*WHAT THIS TASK INVOLVES:* Only the count is expected: the number of lines below that contain "amount".

*Saved entries:*
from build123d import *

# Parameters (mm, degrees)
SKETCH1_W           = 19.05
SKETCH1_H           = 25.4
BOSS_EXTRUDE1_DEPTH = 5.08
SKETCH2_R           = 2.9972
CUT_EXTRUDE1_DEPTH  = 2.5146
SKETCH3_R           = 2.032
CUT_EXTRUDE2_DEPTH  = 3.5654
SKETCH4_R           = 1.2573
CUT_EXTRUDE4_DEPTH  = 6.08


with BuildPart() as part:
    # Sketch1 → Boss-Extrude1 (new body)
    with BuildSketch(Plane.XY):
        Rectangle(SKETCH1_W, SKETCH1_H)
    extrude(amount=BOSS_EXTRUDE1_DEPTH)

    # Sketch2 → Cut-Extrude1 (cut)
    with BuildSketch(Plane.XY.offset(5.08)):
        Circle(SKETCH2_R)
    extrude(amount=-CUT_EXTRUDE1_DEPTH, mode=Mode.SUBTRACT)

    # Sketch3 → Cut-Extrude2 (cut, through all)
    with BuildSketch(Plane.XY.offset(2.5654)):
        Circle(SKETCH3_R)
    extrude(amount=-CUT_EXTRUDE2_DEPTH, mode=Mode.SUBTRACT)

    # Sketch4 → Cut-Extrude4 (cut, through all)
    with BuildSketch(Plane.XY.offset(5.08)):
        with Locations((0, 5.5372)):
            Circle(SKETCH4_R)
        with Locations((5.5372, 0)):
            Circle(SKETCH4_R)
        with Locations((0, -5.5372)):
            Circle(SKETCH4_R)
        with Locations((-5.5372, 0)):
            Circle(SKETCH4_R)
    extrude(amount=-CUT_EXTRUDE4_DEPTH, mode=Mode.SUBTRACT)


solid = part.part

*OUTPUT FOR THIS TASK:* 4